Thanks for sharing your work. Actually, I and one of my colleagues are developing a functionality-wise identical package (mainly for the internal clients from our company for now) here: GitHub - WeZZard/COWMacro: A copy-on-write macro for Swift structs.

I haven't read the sources yet; by just reading the post I would like to raise some topics to discuss:

  1. Explicit @CowBoxMutating on stored properties is definitely way too verbose for the client developers. From our experience, they prefer solutions as least intrusive as possible.
  2. We use storage class to wrap an internal struct and rely on the compiler to synthesize protocol conformance on it, i.e. not expanding stored properties directly in the storage class. By doing so we can greatly save the effort imitating the expected behavior from compiler (while needing to fight a handful of related compiler bugs, especially when dealing with Equatable). However, we found that accessing a var struct (the actual "storage" in our solution) introduces swift_beginAccess overhead recently, and we are considering workarounds, including switching back to traditional direct class storage like your solution.
  3. private storage inhibits cross-module inlining and has a noticeable performance drop compared to non-COW counterparts in terms of reading of properties. We choose internal + @usableFromInline for optimal reading performance, since it is the most common use case. This may not be your concern though since your solution expands direct field accesses and does not use _read and _modify (which we expand for stored properties instead of get and set).
2 Likes

// Up to 12 properties can be mutated resulting to 12 calls of isKnownUniquelyReferenced
// The overhead of conescutive isKnownUniquelyReferenced calls can be eliminated
// and replaced by one call

Ahh… yes. This is correct. The CowBox macro (currently) offers no ability to "batch" this operation. One mutating function that sets N stored properties would lead to (potentially) N different calls to check reference count (unless the compiler has the option to perform some magic to optimize them down to just one). I have not benchmarked the performance of that isKnownUniquelyReferenced function… but if this becomes a bottleneck at scale then there could be a new API from CowBox to perform a batch operation.

a call to mutating func should make a unique copy even if there is no mutation of stored properties during this call.

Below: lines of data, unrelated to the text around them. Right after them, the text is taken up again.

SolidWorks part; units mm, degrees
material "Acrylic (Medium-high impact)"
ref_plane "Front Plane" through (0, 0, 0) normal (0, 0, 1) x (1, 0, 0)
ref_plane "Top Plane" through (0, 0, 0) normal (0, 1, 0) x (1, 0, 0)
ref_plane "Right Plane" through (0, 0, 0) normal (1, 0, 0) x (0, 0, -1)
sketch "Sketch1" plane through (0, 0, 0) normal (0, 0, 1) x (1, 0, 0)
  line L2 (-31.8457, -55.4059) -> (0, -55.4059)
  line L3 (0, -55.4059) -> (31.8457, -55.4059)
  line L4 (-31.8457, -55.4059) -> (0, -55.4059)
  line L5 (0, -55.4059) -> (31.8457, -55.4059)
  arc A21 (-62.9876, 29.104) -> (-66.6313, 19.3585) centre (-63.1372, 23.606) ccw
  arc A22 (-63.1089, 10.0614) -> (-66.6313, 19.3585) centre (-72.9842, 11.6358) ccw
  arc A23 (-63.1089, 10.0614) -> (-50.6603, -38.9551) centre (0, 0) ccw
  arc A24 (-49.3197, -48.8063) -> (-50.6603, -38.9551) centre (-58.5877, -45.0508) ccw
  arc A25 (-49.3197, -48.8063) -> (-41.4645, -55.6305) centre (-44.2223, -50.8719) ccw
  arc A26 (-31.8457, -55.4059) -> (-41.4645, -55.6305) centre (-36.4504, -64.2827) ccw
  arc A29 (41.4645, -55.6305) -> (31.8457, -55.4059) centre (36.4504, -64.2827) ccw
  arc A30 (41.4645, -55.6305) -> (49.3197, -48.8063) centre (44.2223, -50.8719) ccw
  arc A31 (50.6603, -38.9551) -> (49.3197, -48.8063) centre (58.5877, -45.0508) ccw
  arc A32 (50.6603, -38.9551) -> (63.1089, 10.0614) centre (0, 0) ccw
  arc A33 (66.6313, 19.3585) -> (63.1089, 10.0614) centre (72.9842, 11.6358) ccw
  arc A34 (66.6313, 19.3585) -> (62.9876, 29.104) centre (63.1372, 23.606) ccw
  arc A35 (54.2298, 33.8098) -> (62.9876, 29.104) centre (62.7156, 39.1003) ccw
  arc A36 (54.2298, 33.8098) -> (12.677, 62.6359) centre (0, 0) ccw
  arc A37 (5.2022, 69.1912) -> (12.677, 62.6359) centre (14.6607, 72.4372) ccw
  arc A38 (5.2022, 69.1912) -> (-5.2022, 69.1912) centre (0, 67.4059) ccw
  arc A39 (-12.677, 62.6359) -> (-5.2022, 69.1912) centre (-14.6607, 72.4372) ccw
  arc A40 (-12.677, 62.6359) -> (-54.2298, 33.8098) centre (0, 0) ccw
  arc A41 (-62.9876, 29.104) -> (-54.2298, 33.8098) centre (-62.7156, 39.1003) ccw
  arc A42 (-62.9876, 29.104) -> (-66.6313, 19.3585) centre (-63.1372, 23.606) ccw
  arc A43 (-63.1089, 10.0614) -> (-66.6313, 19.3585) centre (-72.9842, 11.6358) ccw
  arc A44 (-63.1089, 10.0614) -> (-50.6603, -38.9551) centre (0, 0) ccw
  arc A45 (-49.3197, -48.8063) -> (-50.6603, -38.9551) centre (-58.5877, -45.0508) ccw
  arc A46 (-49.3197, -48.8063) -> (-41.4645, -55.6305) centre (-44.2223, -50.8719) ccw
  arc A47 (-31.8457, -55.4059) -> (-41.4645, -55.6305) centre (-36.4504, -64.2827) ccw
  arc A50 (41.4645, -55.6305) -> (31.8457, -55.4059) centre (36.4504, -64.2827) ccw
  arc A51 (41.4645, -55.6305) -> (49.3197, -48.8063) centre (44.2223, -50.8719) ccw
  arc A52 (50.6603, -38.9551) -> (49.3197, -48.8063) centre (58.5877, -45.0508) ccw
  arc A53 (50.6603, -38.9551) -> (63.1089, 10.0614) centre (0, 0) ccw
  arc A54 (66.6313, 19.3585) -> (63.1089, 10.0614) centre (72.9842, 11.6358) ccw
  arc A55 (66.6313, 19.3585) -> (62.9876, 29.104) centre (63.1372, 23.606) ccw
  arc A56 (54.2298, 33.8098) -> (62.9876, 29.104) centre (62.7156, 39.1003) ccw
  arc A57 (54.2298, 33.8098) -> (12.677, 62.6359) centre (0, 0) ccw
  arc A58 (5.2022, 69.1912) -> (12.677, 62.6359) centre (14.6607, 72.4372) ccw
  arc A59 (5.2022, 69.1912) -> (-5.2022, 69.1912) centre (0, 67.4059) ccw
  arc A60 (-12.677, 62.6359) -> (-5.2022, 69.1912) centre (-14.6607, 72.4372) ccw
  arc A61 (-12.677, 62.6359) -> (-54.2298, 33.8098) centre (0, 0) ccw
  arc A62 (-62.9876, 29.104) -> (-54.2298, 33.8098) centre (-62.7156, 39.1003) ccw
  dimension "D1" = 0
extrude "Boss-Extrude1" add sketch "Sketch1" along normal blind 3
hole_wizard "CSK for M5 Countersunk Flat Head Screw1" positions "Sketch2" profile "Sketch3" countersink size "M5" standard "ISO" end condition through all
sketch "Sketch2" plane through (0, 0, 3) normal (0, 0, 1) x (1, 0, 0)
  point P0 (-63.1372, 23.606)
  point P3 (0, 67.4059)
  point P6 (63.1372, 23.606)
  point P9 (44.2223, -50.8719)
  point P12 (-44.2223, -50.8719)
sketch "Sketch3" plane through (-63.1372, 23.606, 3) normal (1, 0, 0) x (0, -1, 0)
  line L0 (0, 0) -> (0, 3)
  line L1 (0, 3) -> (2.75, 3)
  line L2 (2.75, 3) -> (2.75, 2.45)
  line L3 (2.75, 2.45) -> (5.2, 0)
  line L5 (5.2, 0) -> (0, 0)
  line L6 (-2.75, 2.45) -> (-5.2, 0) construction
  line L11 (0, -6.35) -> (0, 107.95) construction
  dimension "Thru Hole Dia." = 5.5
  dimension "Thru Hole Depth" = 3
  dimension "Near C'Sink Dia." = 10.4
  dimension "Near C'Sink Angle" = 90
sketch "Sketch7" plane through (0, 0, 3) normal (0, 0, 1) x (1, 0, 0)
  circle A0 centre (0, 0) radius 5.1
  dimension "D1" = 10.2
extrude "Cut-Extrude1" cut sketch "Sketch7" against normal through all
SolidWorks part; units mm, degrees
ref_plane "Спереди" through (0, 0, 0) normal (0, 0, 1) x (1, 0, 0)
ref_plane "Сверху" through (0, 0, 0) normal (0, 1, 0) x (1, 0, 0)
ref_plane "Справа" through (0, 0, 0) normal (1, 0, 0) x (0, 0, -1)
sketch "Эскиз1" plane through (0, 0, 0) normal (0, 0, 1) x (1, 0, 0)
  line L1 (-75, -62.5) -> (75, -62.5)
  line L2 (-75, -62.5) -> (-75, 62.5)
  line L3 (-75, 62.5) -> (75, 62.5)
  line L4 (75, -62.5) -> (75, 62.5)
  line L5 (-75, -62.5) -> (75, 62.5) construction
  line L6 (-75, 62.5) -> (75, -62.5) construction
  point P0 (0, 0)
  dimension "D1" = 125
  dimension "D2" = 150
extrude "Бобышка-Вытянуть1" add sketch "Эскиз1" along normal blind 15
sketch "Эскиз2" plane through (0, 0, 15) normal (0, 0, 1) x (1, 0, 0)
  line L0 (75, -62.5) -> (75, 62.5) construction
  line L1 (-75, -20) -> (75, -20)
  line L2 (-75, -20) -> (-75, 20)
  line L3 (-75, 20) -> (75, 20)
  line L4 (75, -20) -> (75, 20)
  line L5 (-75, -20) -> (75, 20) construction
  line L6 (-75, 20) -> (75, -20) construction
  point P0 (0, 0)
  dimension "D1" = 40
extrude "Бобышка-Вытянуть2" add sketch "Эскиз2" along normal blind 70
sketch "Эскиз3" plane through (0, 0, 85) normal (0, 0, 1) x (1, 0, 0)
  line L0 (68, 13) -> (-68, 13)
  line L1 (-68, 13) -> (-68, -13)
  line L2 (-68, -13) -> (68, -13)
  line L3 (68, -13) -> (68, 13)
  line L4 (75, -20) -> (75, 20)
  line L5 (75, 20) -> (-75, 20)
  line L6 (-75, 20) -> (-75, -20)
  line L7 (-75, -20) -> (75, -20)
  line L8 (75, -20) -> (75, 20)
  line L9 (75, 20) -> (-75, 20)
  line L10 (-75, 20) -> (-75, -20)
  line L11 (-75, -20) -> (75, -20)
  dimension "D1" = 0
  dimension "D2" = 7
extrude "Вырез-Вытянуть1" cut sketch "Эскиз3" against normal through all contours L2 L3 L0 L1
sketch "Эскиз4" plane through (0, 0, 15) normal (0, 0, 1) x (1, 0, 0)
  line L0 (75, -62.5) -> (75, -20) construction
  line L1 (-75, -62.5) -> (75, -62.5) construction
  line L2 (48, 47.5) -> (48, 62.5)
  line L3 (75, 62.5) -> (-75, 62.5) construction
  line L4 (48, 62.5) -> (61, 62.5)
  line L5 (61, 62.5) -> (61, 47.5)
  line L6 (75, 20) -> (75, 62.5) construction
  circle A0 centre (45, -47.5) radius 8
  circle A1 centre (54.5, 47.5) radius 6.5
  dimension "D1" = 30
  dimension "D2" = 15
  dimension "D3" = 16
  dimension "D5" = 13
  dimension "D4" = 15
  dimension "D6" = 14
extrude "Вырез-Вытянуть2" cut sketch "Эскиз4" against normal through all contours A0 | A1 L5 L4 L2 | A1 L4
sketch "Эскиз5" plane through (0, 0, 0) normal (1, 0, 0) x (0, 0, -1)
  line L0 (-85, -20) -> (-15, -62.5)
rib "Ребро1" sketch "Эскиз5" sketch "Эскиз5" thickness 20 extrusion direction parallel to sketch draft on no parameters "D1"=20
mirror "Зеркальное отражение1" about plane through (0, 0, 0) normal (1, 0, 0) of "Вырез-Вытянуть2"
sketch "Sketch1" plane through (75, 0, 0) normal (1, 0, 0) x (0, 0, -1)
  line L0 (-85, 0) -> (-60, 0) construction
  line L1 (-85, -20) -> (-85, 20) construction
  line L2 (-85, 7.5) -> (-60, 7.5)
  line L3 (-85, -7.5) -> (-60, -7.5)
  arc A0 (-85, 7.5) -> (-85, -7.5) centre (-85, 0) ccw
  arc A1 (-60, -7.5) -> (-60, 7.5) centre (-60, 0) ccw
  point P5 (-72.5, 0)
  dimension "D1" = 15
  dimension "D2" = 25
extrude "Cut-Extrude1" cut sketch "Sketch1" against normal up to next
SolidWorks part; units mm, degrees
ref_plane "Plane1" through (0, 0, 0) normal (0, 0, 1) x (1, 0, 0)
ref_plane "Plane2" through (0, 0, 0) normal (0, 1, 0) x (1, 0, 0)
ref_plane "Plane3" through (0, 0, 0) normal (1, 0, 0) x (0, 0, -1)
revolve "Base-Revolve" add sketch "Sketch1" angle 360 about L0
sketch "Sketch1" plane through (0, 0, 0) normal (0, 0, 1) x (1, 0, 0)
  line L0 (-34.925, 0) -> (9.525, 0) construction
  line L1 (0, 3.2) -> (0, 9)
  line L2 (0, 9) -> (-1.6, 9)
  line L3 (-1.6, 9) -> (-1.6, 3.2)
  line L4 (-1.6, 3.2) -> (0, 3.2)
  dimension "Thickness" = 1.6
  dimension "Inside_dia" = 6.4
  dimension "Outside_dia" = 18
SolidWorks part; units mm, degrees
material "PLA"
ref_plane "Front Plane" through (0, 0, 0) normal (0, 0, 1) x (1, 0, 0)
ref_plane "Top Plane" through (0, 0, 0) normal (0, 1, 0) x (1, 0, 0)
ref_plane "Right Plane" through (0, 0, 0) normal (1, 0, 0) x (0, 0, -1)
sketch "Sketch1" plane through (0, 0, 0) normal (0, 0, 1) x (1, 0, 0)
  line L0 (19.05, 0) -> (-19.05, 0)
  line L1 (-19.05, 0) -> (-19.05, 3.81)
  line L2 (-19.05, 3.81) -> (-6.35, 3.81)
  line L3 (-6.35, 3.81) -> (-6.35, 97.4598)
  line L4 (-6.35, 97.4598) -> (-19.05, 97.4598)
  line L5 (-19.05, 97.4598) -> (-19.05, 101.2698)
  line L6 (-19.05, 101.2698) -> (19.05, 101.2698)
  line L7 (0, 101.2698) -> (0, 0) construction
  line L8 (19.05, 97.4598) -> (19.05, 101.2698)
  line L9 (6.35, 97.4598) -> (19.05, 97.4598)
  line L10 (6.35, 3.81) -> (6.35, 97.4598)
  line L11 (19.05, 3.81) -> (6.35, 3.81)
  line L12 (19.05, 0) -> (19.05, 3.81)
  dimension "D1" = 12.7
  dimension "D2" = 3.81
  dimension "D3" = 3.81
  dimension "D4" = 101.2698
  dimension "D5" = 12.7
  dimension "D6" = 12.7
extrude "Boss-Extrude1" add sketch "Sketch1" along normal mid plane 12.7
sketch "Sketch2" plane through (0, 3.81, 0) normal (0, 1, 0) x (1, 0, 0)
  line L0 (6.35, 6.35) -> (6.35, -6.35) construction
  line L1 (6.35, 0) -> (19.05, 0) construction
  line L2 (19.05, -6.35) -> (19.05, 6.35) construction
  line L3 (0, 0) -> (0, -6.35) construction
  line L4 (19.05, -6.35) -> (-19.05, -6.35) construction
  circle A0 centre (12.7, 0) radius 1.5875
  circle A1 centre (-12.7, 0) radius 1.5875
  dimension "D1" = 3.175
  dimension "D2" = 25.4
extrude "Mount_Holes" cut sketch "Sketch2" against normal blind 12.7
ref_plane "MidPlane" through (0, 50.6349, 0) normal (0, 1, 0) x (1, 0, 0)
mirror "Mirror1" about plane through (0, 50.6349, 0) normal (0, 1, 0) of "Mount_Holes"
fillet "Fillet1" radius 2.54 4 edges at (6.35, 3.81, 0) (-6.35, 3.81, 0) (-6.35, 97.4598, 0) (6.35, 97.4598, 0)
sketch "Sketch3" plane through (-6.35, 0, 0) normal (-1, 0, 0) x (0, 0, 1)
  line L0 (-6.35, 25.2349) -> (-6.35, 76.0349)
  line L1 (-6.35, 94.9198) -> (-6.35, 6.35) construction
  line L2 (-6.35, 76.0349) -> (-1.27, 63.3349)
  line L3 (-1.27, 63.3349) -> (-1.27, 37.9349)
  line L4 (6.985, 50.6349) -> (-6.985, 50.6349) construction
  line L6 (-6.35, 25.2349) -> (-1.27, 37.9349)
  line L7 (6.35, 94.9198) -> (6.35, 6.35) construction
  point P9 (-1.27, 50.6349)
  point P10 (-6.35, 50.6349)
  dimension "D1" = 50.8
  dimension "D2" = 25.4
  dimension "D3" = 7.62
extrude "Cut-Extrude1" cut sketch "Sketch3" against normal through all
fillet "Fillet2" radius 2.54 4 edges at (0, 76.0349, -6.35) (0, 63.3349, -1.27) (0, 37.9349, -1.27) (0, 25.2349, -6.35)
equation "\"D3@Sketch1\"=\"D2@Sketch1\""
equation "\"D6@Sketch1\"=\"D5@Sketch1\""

Hmm… I believe I understand the concept you are describing… but I don't see any clear or compelling reason why that would be the preferred (or expected) default behavior. Could you think of an example where the current behavior (a mutating func that performs no mutations returns with an identical storage instance) would lead to any unexpected behavior from a client that expected this CowBox struct to behave like any other simple struct?

I and one of my colleagues are developing a functionality-wise identical package (mainly for the internal clients from our company for now) here: GitHub - WeZZard/COWMacro: A copy-on-write macro for Swift structs.

Ahh… wow! I did a search last month and didn't find any projects doing the same thing. TBH… I would like to see Swift Cow Types become a legit first-class citizen one day (official language support). No need for macros or codegen at that point!

We use storage class to wrap an internal struct and rely on the compiler to synthesize protocol conformance on it, i.e. not expanding stored properties directly in the storage class.

Ahh… interesting! I use stored variables directly on a class. No need for an extra struct (for now)!